Removes a whole segment of jobs from the current solution.
"""
state = copy.copy(state)
offset = rng.integers(1, instance.num_jobs - Q)
del state.jobs[offset : offset + Q]
return state
Repair operators
We only define a single repair operator: random_insert
. This operator takes the unscheduled jobs, and randomly inserts them in feasible locations in the schedule. Together with a justification technique (shown below) that further improves the resulting schedule, this results in a new, hopefully improved solution.
[12]:
def justify(state):
"""
Helper method that double-justifies the schedule. Based on the
justification technique of Valls et al. (2005).
Valls, V. Ballestín, F. and S. Quintanilla. 2005. Jusitfication and
RCPSP: A technique that pays. _ European Journal of Operational
Research_. 165 (2): 375 -- 386.
"""
# We first right-justify the current schedule. That more or less means
# that we schedule jobs from the right.
bound = instance.duration.sum()
used = np.zeros((bound, instance.num_resources))
sched = np.zeros(instance.num_jobs, dtype=int)
for job in reversed(state.jobs):
needs = instance.needs[job]
duration = instance.duration[job]
t = min(sched[instance.successors[job]], default=bound)
res_ok = np.all(used[:t] + needs <= instance.resources, axis=1)
for s in reversed(np.flatnonzero(res_ok[: t - duration + 1])):
if np.all(res_ok[s : s + duration]):
sched[job] = s
used[s : s + duration, :] += needs
break
# Right-justify the schedule, and then left-justify it again.

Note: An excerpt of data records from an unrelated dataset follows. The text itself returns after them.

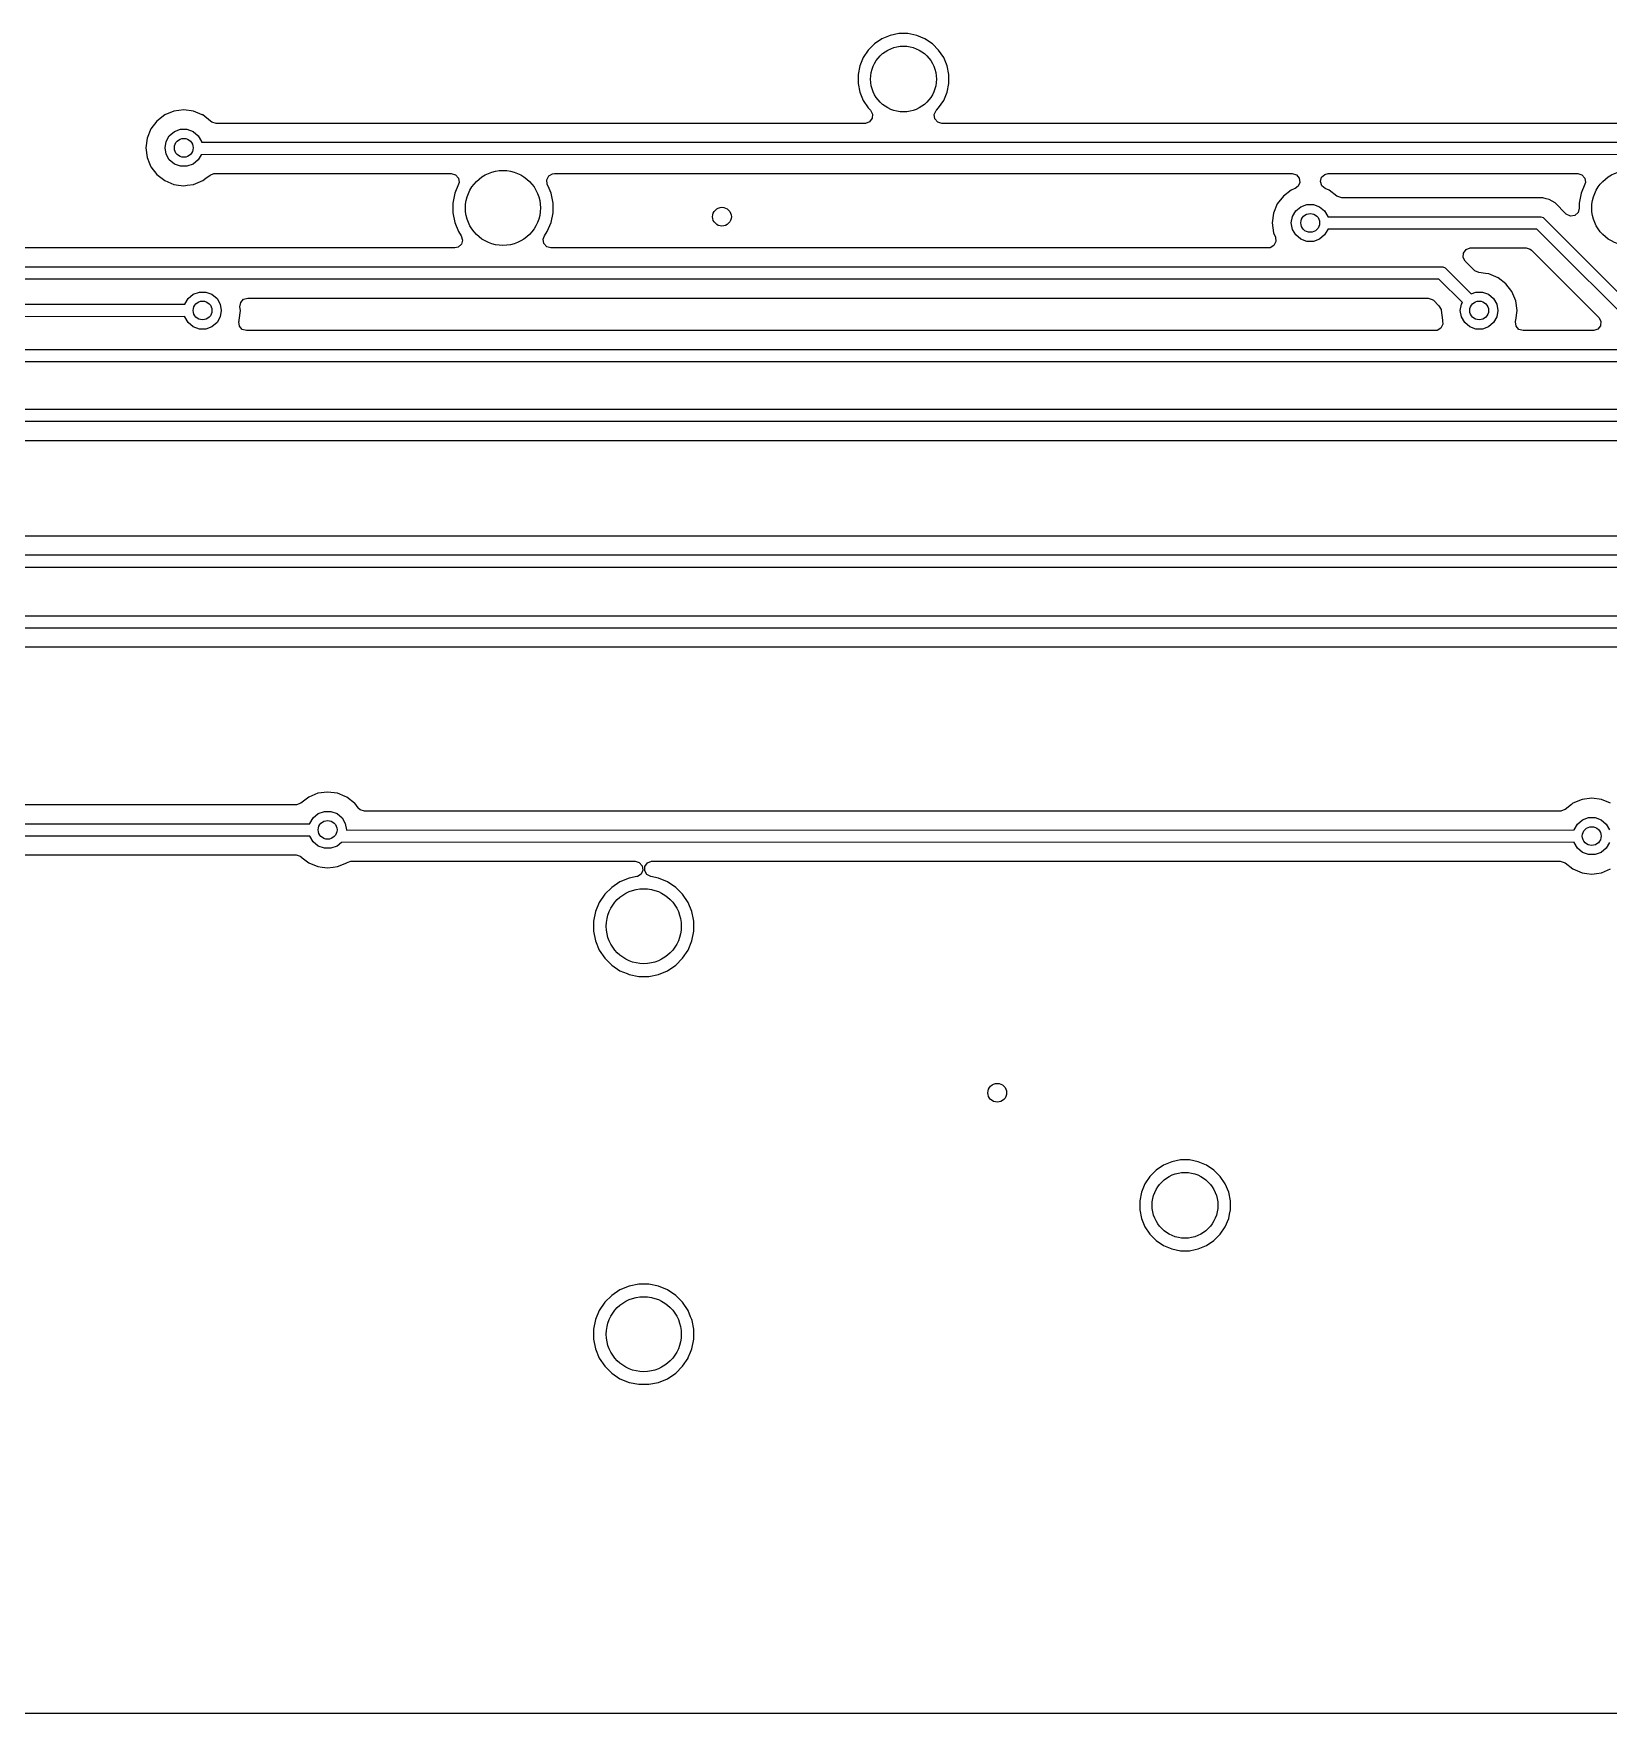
# Model space of a CAD drawing. Extents: x 0.7 to 11, y -6.1 to -1.6.
# Drawn here: x 7.543 to 8.534, y -5.887 to -4.83 of the extents above; entities that cross this region are included whole.
import ezdxf

# ---------------------------------------------------------------- set-up
doc = ezdxf.new("R2010")
doc.units = 0
doc.header["$MEASUREMENT"] = 0
doc.layers.add('BLACK', color=7, linetype='CONTINUOUS')

msp = doc.modelspace()

# ---------------------------------------------------------------- linework, layer by layer
at = {"layer": 'BLACK', "linetype": 'CONTINUOUS'}
for p, q in [((8.0877, -4.8297), (8.0822, -4.8308)), ((8.0934, -4.8297), (8.0877, -4.8297)), ((8.0877, -4.8297), (8.0877, -4.8297)), ((8.0989, -4.8308), (8.0934, -4.8297)), ((8.0934, -4.8297), (8.0934, -4.8297)), ((8.0684, -4.8401), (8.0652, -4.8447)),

This
# results in a double-justified schedule that is hopefully better
# than what we got initially.
right_justified = np.argsort(sched)
sched, _ = schedule(tuple(right_justified))
left_justified = np.argsort(sched).tolist()
return RcpspState(left_justified)
[13]:
def random_insert(state, rng):
"""
Randomly inserts jobs into the schedule. The resulting solution state
is guaranteed to be feasible.
"""
indices = state.indices
preds = instance.all_predecessors
succs = instance.all_successors
for job in state.unscheduled:
# Left and right insertion limits. The job must be inserted
# between these indices - the interval is [ll, rl).
ll = np.max(indices[preds[job]], initial=-1) + 1
rl = np.min(indices[succs[job]], initial=len(state.jobs))
idx = rng.integers(ll, rl) if ll < rl else ll
state.jobs.insert(idx, job)
indices[indices >= idx] += 1
indices[job] = idx
return justify(state)
Initial solution
Our solution representation is a list of jobs. We can thus easily generate an initial solution as the list of all jobs, in the (topological) order we got them.
[14]:
init_sol = RcpspState(list(range(instance.num_jobs)))
print(f"Initial solution has objective {init_sol.objective()}.")
Initial solution has objective 172.
[15]:
init_sol.plot()

Heuristic solution
With our initial solution in hand, we can now use ALNS to further improve it. We use a segmented roulette wheel operator selection strategy, and a simple hill-climbing acceptance criterion.
[16]:
rng = rnd.default_rng(SEED)
[17]:
alns = ALNS(rng)
alns.add_destroy_operator(most_mobile_removal)
alns.add_destroy_operator(non_peak_removal)
alns.add_destroy_operator(segment_removal)
alns.add_repair_operator(random_insert)
[18]:
select = SegmentedRouletteWheel(WEIGHTS, THETA, SEG_LENGTH, 3, 1)
accept = HillClimbing()
stop = MaxIterations(ITERS)
res = alns.iterate(init_sol, select, accept, stop)
sol = res.best_state
print(f"Heuristic solution has objective {sol.objective()}.")
Heuristic solution has objective 141.
[19]:
_, ax = plt.subplots(figsize=(12, 6))
res.plot_objectives(ax=ax)

[20]:
sol.plot()

Conclusion
In this notebook we solved a challenging instance of the resource-constrained project scheduling problem, using several operators and enhancement techniques from the literature. The resulting heuristic solution is competitive with other heuristics for this problem: the best known solution achieves a makespan of 135, and we find 142, just 5% higher.